_EXERCISE INSTRUCTIONS:_
Using the listing below, set down each line from the line containing "[VIFO_LongAccel_mps2] -> TTC_Calculation_AEB/4" through the line containing "TTC_Calculation_VRU/1 -> VIFO_VRUPedClearance_m/1", both ends included, exactly and with nothing added.

_SUPPLIED INFORMATION:_
◆ ◆ ◆ ◆

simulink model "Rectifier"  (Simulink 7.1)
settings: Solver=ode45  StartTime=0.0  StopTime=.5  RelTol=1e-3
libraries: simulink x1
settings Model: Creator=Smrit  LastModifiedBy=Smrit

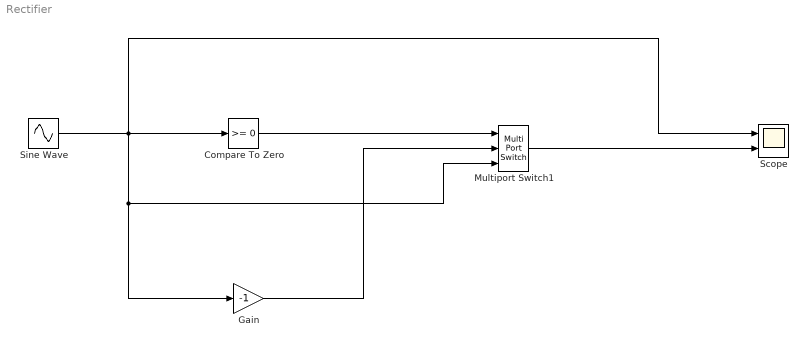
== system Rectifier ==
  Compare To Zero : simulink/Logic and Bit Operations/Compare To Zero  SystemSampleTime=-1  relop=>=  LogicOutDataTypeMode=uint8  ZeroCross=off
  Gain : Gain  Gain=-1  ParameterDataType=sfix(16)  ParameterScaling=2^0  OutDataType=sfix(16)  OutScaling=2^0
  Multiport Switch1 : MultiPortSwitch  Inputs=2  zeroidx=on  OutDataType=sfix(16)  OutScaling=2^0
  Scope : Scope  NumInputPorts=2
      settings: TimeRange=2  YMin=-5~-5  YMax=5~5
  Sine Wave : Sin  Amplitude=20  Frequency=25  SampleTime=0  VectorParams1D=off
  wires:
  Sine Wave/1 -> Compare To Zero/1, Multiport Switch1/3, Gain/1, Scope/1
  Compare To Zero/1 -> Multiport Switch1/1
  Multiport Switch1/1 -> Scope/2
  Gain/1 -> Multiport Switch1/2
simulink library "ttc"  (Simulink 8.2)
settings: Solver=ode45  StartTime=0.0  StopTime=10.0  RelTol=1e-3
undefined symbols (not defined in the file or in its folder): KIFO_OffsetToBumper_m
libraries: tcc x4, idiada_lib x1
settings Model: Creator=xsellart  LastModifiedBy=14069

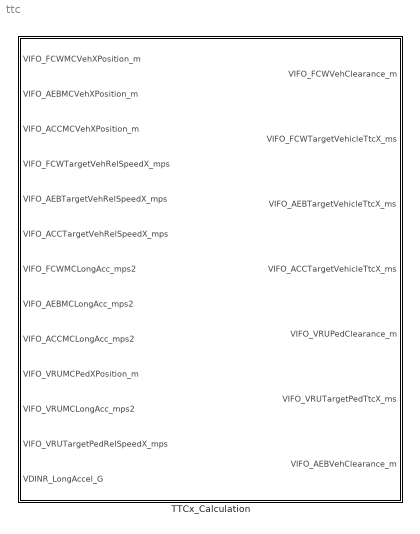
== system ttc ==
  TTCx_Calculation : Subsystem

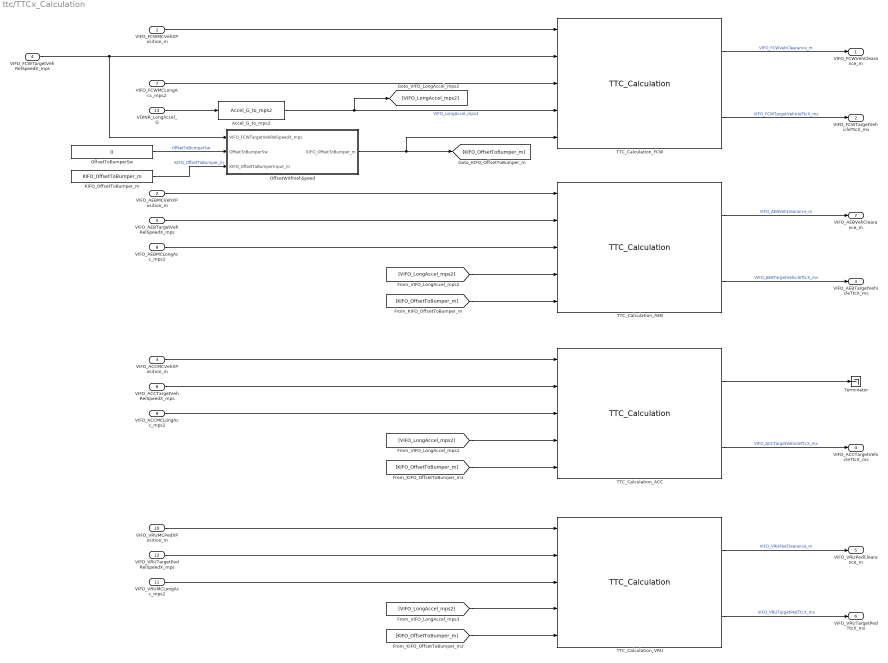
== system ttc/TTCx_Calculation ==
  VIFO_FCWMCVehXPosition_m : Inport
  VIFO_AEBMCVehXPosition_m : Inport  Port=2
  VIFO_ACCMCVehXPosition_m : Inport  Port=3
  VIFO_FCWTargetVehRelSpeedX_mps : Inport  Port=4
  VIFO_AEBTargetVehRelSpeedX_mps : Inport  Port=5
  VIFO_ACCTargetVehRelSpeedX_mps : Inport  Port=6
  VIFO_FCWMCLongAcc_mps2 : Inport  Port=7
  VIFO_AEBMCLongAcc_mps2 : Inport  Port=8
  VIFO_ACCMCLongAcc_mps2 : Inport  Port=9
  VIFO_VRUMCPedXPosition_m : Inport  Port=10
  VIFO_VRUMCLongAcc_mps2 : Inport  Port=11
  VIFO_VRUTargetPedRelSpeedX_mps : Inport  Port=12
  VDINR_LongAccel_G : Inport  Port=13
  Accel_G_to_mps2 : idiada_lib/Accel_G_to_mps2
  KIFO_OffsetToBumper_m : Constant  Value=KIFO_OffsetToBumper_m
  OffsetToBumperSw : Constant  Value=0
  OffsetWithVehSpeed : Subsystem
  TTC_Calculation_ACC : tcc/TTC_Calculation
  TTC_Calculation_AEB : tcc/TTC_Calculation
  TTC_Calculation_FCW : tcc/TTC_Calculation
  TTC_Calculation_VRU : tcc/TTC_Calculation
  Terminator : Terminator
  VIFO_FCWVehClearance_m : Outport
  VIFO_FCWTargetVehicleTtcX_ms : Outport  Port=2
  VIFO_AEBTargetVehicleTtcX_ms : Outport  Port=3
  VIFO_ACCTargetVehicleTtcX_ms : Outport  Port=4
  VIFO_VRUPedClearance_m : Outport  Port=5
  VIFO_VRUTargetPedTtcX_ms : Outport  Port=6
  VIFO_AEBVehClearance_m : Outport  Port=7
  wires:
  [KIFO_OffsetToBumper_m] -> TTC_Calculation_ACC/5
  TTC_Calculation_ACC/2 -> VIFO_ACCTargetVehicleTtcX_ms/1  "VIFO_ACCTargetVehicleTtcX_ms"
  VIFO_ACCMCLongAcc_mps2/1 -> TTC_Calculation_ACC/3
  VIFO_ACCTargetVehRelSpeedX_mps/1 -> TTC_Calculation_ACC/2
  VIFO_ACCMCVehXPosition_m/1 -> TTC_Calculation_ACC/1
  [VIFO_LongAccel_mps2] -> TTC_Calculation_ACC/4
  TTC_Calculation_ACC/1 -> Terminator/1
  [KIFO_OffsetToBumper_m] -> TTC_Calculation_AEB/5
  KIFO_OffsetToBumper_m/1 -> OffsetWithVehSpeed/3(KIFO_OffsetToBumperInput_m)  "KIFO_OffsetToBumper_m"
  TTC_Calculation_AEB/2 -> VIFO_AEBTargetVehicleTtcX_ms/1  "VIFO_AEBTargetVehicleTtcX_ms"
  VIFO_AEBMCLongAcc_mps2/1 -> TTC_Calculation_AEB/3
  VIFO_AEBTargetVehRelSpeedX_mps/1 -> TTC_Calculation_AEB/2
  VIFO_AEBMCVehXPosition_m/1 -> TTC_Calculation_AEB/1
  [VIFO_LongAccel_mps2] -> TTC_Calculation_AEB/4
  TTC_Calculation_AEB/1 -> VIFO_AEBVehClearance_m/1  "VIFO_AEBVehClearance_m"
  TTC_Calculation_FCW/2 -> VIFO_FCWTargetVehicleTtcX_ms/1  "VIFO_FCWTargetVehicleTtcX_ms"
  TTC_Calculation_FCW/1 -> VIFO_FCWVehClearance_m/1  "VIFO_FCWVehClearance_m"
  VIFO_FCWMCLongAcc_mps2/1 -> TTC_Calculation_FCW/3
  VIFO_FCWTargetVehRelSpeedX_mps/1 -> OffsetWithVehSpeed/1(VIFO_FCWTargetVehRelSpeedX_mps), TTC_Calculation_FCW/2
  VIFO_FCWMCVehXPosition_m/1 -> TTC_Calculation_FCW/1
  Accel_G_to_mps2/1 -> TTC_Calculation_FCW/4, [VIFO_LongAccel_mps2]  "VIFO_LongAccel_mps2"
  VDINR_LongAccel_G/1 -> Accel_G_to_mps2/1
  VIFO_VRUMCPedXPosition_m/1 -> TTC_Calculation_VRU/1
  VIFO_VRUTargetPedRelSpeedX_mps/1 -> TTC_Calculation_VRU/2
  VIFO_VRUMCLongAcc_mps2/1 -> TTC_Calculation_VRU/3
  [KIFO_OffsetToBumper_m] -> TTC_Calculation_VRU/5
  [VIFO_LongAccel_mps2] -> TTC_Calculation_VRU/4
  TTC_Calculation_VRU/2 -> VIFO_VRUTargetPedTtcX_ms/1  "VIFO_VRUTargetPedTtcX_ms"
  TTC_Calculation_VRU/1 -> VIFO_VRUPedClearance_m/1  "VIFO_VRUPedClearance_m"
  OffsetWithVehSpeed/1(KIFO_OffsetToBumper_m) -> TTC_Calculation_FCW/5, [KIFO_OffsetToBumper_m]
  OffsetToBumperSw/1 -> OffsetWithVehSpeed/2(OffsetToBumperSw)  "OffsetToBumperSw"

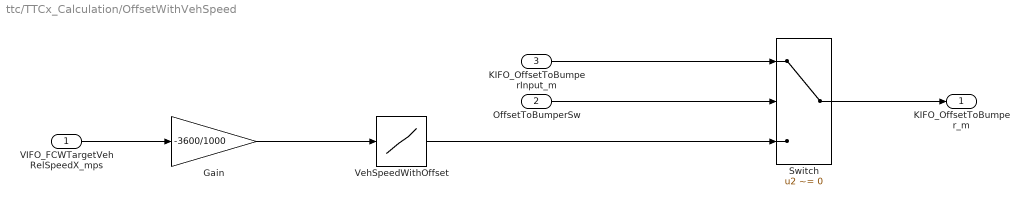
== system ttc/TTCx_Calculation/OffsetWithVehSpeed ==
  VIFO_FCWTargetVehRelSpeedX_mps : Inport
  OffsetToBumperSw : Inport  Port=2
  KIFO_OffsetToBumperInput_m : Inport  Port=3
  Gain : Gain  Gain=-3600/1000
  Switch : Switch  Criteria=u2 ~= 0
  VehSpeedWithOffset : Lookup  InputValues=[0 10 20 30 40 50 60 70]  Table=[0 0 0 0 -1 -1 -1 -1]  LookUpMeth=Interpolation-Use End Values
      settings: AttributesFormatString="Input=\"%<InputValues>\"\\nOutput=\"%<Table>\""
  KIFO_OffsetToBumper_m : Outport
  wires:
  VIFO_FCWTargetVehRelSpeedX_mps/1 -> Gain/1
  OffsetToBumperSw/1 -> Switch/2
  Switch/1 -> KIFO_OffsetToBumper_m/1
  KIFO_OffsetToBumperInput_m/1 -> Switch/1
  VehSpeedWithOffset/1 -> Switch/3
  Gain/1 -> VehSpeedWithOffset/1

◆ ◆ ◆ ◆

_WORKED SOLUTION:_
  [VIFO_LongAccel_mps2] -> TTC_Calculation_AEB/4
  TTC_Calculation_AEB/1 -> VIFO_AEBVehClearance_m/1  "VIFO_AEBVehClearance_m"
  TTC_Calculation_FCW/2 -> VIFO_FCWTargetVehicleTtcX_ms/1  "VIFO_FCWTargetVehicleTtcX_ms"
  TTC_Calculation_FCW/1 -> VIFO_FCWVehClearance_m/1  "VIFO_FCWVehClearance_m"
  VIFO_FCWMCLongAcc_mps2/1 -> TTC_Calculation_FCW/3
  VIFO_FCWTargetVehRelSpeedX_mps/1 -> OffsetWithVehSpeed/1(VIFO_FCWTargetVehRelSpeedX_mps), TTC_Calculation_FCW/2
  VIFO_FCWMCVehXPosition_m/1 -> TTC_Calculation_FCW/1
  Accel_G_to_mps2/1 -> TTC_Calculation_FCW/4, [VIFO_LongAccel_mps2]  "VIFO_LongAccel_mps2"
  VDINR_LongAccel_G/1 -> Accel_G_to_mps2/1
  VIFO_VRUMCPedXPosition_m/1 -> TTC_Calculation_VRU/1
  VIFO_VRUTargetPedRelSpeedX_mps/1 -> TTC_Calculation_VRU/2
  VIFO_VRUMCLongAcc_mps2/1 -> TTC_Calculation_VRU/3
  [KIFO_OffsetToBumper_m] -> TTC_Calculation_VRU/5
  [VIFO_LongAccel_mps2] -> TTC_Calculation_VRU/4
  TTC_Calculation_VRU/2 -> VIFO_VRUTargetPedTtcX_ms/1  "VIFO_VRUTargetPedTtcX_ms"
  TTC_Calculation_VRU/1 -> VIFO_VRUPedClearance_m/1  "VIFO_VRUPedClearance_m"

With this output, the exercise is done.